What needs to be done | Retype the line with "Middle Layer 1 w0.2: X2.1@26.835,26.38" in it, then each line after it to the end of the data, word for word.

(Items from a dataset)
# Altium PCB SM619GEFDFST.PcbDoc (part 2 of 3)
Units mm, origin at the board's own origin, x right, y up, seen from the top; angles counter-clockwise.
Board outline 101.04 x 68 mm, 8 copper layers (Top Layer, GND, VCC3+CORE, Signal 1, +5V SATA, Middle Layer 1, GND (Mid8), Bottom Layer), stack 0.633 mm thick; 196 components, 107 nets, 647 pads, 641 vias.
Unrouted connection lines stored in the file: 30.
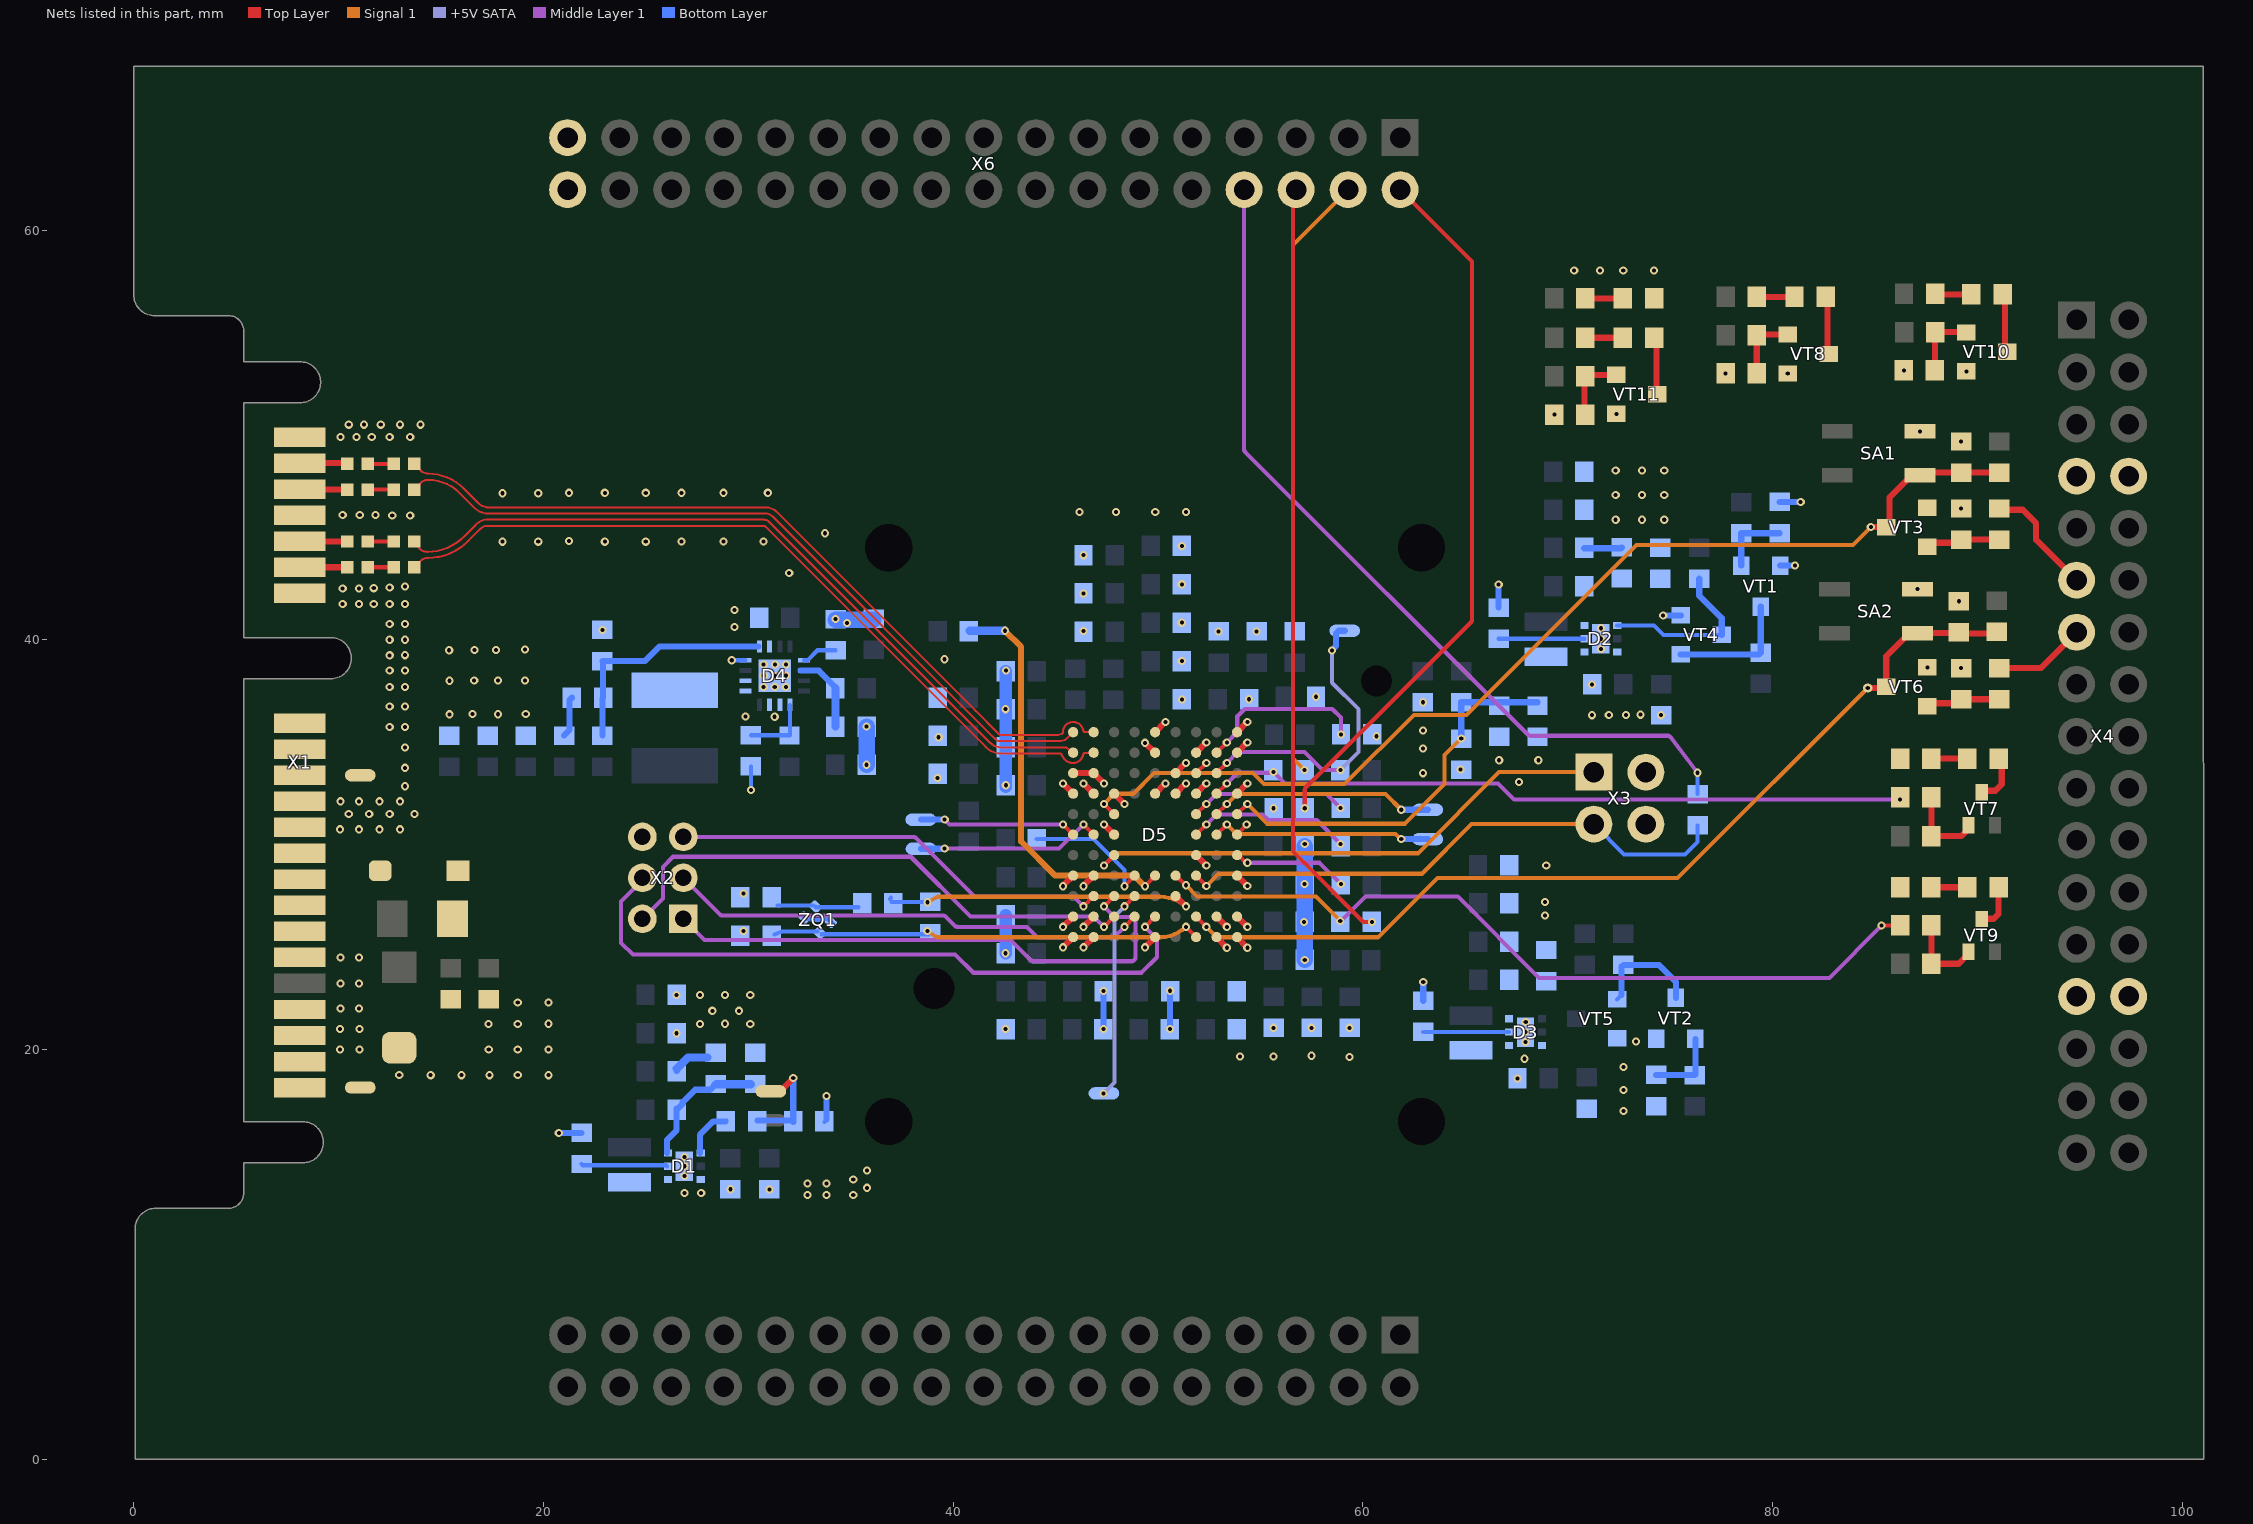
[diagram p8: the nets of this part, all layers, seen from the top]

## Via types
v1: diameter 0.4, hole 0.2, Top Layer to Bottom Layer, tented both sides, 636 vias
v2: diameter 0.4, hole 0.2, Top Layer to Bottom Layer, 3 vias
v3: diameter 0.45, hole 0.2, Top Layer to Bottom Layer, tented both sides, 2 vias

## Nets (pads, with @x,y where several pads share a name; then routed paths per layer and width w, separated by ;. In a path a pad name is that pad's centre, name@x,y a point inside that pad or via, vN(x,y) a via of type N, cw(c..) or ccw(c..) an arc to the next point about the centre after c; other vN are vias at no path point) (continued)
GND: C1.1 C2.1 C3.1 C4.1 C5.2 C6.1 C7.1 C12.2 C16.2 C17.1 C18.2 C19.2 C20.1 C21.2 C22.2 C23.2 C24.2 C25.2 C26.2 C27.2 C28.2 C29.2 C30.2 C31.2 C32.2 C33.2 C34.2 C35.2 C36.2 C37.2 C38.2 C39.2 C40.2 C41.2 C42.2 C43.2 C44.1 C45.2 C46.2 C47.2 C48.2 C49.2 C50.2 C51.2 C52.2 C53.2 C54.2 C55.2 C56.2 C57.2 C59.2 C60.2 C61.2 C62.2 C63.2 C64.2 C65.2 C66.2 C67.2 C68.2 C69.2 C70.2 C71.2 C72.2 C73.2 D1.6 D1.7 D2.6 D2.7 D3.6 D3.7 D4.6 D4.14 D4.15 D4.17 D5.A1 D5.A2 D5.A5 D5.A8 D5.A9 D5.B1 D5.B2 D5.B8 D5.B9 D5.D1 D5.D8 D5.D9 D5.E3 D5.F7 D5.H1 D5.H3 D5.H4 D5.H5 D5.H7 D5.H8 D5.H9 D5.J3 D5.J4 D5.J8 D5.J9 D5.K1 D5.K3 D5.K5 D5.L1 D5.L5 R3.1 R4.1 R8.1 R11.2 R14.1 R15.1 R25.1 R26.2 R27.2 R31.1 R33.2 R47.2 R59.1 R65.1 R66.2 R73.2 R74.1 R75.1 SA1.4 SA2.4 VD2.1 VD3.2 VT1.2 VT2.2 VT3.2 VT4.2 VT5.2 VT6.2 VT8.2 VT10.2 VT11.2 X1.1 X1.4 X1.7 X1.11 X1.12 X1.13 X1.17 X1.19 X2.6 X3.2 X3.4 X4.4 X4.14 X4.21 X4.31 X6.17 X6.34 ZQ1.2 ZQ1.4 | length 50.5
  Top Layer w0.2: D5.J3@51.861,33.49 v1(52.361,33.99)
  Top Layer w0.3: v1(45.361,24.99) D5.A9@45.861,25.49 ; v1(45.361,25.99) D5.B9@45.861,26.49 ; v1(45.361,27.97) 45.409,28.034 cw(c45.649,27.853) 45.437,28.066 D5.D9@45.861,28.49 ; v1(45.361,32.99) D5.H9@45.861,32.49 ; D5.J9@45.861,33.49 D5.J8@46.861,33.49 v1(47.361,32.99) ; v1(46.361,24.99) D5.A8@46.861,25.49 ; v1(46.361,25.99) D5.B8@46.861,26.49 ; v1(46.361,27.97) 46.409,28.034 cw(c46.649,27.853) 46.437,28.066 D5.D8@46.861,28.49 ; v1(46.361,32.99) D5.H8@46.861,32.49 ; v1(47.361,30.99) D5.F7@47.861,30.49 ; D5.H7@47.861,32.49 v1(48.361,31.99) ; v1(49.361,24.99) D5.A5@49.861,25.49 ; v1(49.361,34.972) D5.K5@49.861,34.49 ; D5.H5@49.861,32.49 v1(50.361,32.99) ; D5.L5@49.861,35.49 v1(50.361,35.99) ; D5.H4@50.861,32.49 v1(51.361,32.99) ; D5.J4@50.861,33.49 v1(51.361,33.99) ; D5.E3@51.861,29.49 v1(52.361,28.99) ; D5.H3@51.861,32.49 v1(52.361,32.99) ; D5.K3@51.861,34.49 v1(52.361,34.99) ; D5.A2@52.861,25.49 52.861,25.48 53.361,24.98 v1(53.361,24.97) ; D5.B2@52.861,26.49 v1(53.361,25.99) ; D5.A1@53.861,25.49 53.861,25.48 54.361,24.98 v1(54.361,24.97) ; D5.B1@53.861,26.49 v1(54.361,25.99) ; D5.D1@53.861,28.49 v1(54.361,27.99) ; D5.H1@53.861,32.49 v1(54.361,32.99) ; D5.K1@53.861,34.49 v1(54.361,34.99) ; D5.L1@53.861,35.49 v1(54.361,35.99)
  Bottom Layer w0.2: v1(30.135,32.67) C39.2@30.135,33.82 ; ZQ1.2@32.749,26.442 32.905,26.368 32.906,26.367 ccw(c33.335,28.454) 33.734,26.362 cw(c33.793,26.045) 34.064,26.219 ZQ1.4@34.125,26.125
  Bottom Layer w0.3: v1(20.756,15.933) R8.1@21.865,15.933 ; v1(35.775,33.9) C30.2@35.777,33.902 ; C29.2@36.097,41.01 C29.2@36.117,41.03 ; v1(47.336,21) 47.341,21 v1(47.341,22.865) ; v1(50.585,21.01) 50.595,21.01 v1(50.595,22.87) ; R15.1@62.95,22.38 v1(62.95,23.3) ; R14.1@66.63,41.57 v1(66.63,42.7) ; v1(74.66,41.19) VT4.2@75.52,41.19 ; R3.1@80.35,46.73 v1(81.37,46.73) ; VT1.2@80.37,43.62 v1(81.1,43.62)
  Bottom Layer w0.6: v1(42.565,24.7) C60.2@42.565,26.55 ; C45.2@42.565,32.811 C31.2@42.565,38.47
  Bottom Layer w0.8: C57.2@34.267,40.985 C29.2@36.097,40.985 ; C30.2@35.777,33.902 v1(35.777,35.762) ; C47.2@57.155,24.38 C55.2@57.155,29.93
  other v1: 32.9,12.906 33.828,12.906 35.124,12.906 26.892,13 27.705,13 35.791,13.25 32.9,13.456 33.828,13.456 35.124,13.654 26.887,13.829 35.791,14.099 26.887,14.304 26.887,14.759 72.72,17 72.72,18.02 67.55,18.59 12.965,18.765 14.5,18.75 16,18.75 17.375,18.75 18.75,18.765 20.25,18.75 72.72,19.15 67.885,19.55 59.355,19.63 54,19.66 55.645,19.66 57.495,19.695 10.075,20 11.021,20 17.335,20 18.75,20 20.25,20 67.94,20.374 73.34,20.394 26.505,20.797 67.94,20.85 10.075,21 11.021,21 42.56,21 55.645,21.06 57.495,21.06 59.355,21.06 17.321,21.25 18.75,21.25 20.25,21.26 27.644,21.25 28.874,21.26 30.097,21.25 67.95,21.35 28.248,21.89 29.549,21.89 10.092,22 11,22 18.75,22.3 20.25,22.3 26.505,22.663 27.644,22.663 28.874,22.663 30.097,22.663 10.092,23.225 11,23.225 57.165,24.37 10.092,24.495 11,24.495 29.769,25.79 57.135,26.23 68.888,26.536 68.888,27.2 29.769,27.61 57.155,28.08 68.95,28.99 57.165,30.03 10.075,30.75 11,30.75 12,30.75 13,30.75 10.5,31.5 11.5,31.5 12.5,31.5 13.705,31.5 10.092,32.115 11,32.115 12,32.115 13,32.115 13.25,32.85 42.575,32.9 67.615,33.06 39.245,33.25 62.931,33.49 64.765,33.668 13.25,33.75 66.655,34.12 68.565,34.12 62.931,34.695 13.25,34.75 39.296,35.244 60.661,35.29 62.93,35.577 12.5,35.75 13.25,35.75 31.29,36.244 29.87,36.25 71.19,36.32 74.56,36.32 72.006,36.33 72.84,36.33 73.55,36.345 15.42,36.362 17.794,36.367 16.543,36.379 19.142,36.379 42.565,36.613 12.5,36.75 13.25,36.75 62.93,36.95 51.175,37.09 54.445,37.1 57.715,37.22 12.5,37.69 13.25,37.69 30.755,37.69 31.295,37.69 31.835,37.69 71.19,37.82 15.42,38 16.624,38.007 17.794,38.007 19.108,38.017 30.755,38.25 31.305,38.24 31.845,38.25 12.5,38.5 13.25,38.5 42.582,38.5 89.205,38.62 87.552,38.653 30.755,38.8 31.305,38.8 31.845,38.8 51.165,38.963 39.586,39.049 12.5,39.241 13.25,39.25 15.405,39.49 16.644,39.507 17.693,39.507 19.108,39.527 71.62,39.547 12.5,40 13.25,40 71.62,40.05 52.955,40.41 54.81,40.41 46.366,40.436 22.885,40.48 71.62,40.565 12.5,40.773 13.25,40.773 34.82,40.825 51.165,40.835 34.267,41.01 10.205,41.75 11,41.75 11.722,41.75 12.5,41.75 13.25,41.75 89.095,41.88 46.365,42.26 87.07,42.475 10.205,42.5 11,42.5 11.722,42.52 12.5,42.558 13.25,42.595 51.165,42.707 32,43.265 46.365,44.13 51.165,44.58 18,44.79 19.75,44.79 23,44.79 25,44.79 26.75,44.8 28.801,44.8 30.75,44.8 21.25,44.815 33.75,45.2 72.34,45.86 73.62,45.86 74.71,45.86 12.625,46.062 13.5,46.062 10.205,46.085 11.04,46.085 11.813,46.086 46.165,46.24 47.958,46.24 49.865,46.24 51.361,46.24 89.205,46.41 72.34,47.06 73.62,47.06 74.71,47.06 18,47.151 19.75,47.151 21.25,47.174 23,47.174 25,47.174 26.75,47.174 28.801,47.174 30.956,47.174 72.34,48.27 73.62,48.27 74.71,48.27 89.205,49.68 10.092,49.895 10.877,49.895 11.627,49.895 12.5,49.895 13.5,49.895 87.2,50.175 10.5,50.5 11.25,50.5 12.065,50.5 13,50.5 14,50.5 69.345,50.99 77.71,53 80.74,53 89.455,53.1 86.405,53.15 70.315,58.025 71.575,58.025 72.71,58.025 74.215,58.025
  other v2: 31.034,13.173 29.134,13.183 72.375,51.03
IOVREFQ: C16.1 C21.1 D5.G1 R24.1 R25.2 | length 19.6
  Top Layer w0.2: D5.G1@53.861,31.49 v1(54.361,31.99)
  Signal 1 w0.2: v1(54.361,31.99) 55.329,31.022 62.051,31.022 63.992,32.963 63.992,34.369 v1(64.802,35.18)
  Bottom Layer w0.3: R24.1@64.795,36.95 R24.1@64.802,36.95 ; v1(64.802,35.18) R24.1@64.802,36.95 ; C21.1@68.525,36.948 68.525,36.95 66.66,36.95 R24.1@64.802,36.95
JRST: D5.C7 X2.1 | length 27.4
  Top Layer w0.2: v1(47.361,26.99) D5.C7@47.861,27.49
  Middle Layer 1 w0.2: X2.1@26.835,26.38 27.875,25.34 42.732,25.34 cw(c42.732,25.14) 42.873,25.282 43.787,24.368 ccw(c43.929,24.509) 43.929,24.309 48.7,24.309 ccw(c48.7,24.509) 48.9,24.509 48.9,26.36 48.785,26.475 ccw(c48.749,26.226) 48.749,26.477 47.957,26.477 cw(c47.957,26.677) 47.815,26.536 v1(47.361,26.99)
JTCK: D5.C8 X2.5 | length 21.6
  Top Layer w0.2: v1(46.361,26.99) D5.C8@46.861,27.49
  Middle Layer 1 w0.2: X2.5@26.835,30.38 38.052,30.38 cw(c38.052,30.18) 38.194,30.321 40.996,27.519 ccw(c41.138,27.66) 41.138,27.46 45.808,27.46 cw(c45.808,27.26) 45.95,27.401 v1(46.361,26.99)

Response area |
  Middle Layer 1 w0.2: X2.1@26.835,26.38 27.875,25.34 42.732,25.34 cw(c42.732,25.14) 42.873,25.282 43.787,24.368 ccw(c43.929,24.509) 43.929,24.309 48.7,24.309 ccw(c48.7,24.509) 48.9,24.509 48.9,26.36 48.785,26.475 ccw(c48.749,26.226) 48.749,26.477 47.957,26.477 cw(c47.957,26.677) 47.815,26.536 v1(47.361,26.99)
JTCK: D5.C8 X2.5 | length 21.6
  Top Layer w0.2: v1(46.361,26.99) D5.C8@46.861,27.49
  Middle Layer 1 w0.2: X2.5@26.835,30.38 38.052,30.38 cw(c38.052,30.18) 38.194,30.321 40.996,27.519 ccw(c41.138,27.66) 41.138,27.46 45.808,27.46 cw(c45.808,27.26) 45.95,27.401 v1(46.361,26.99)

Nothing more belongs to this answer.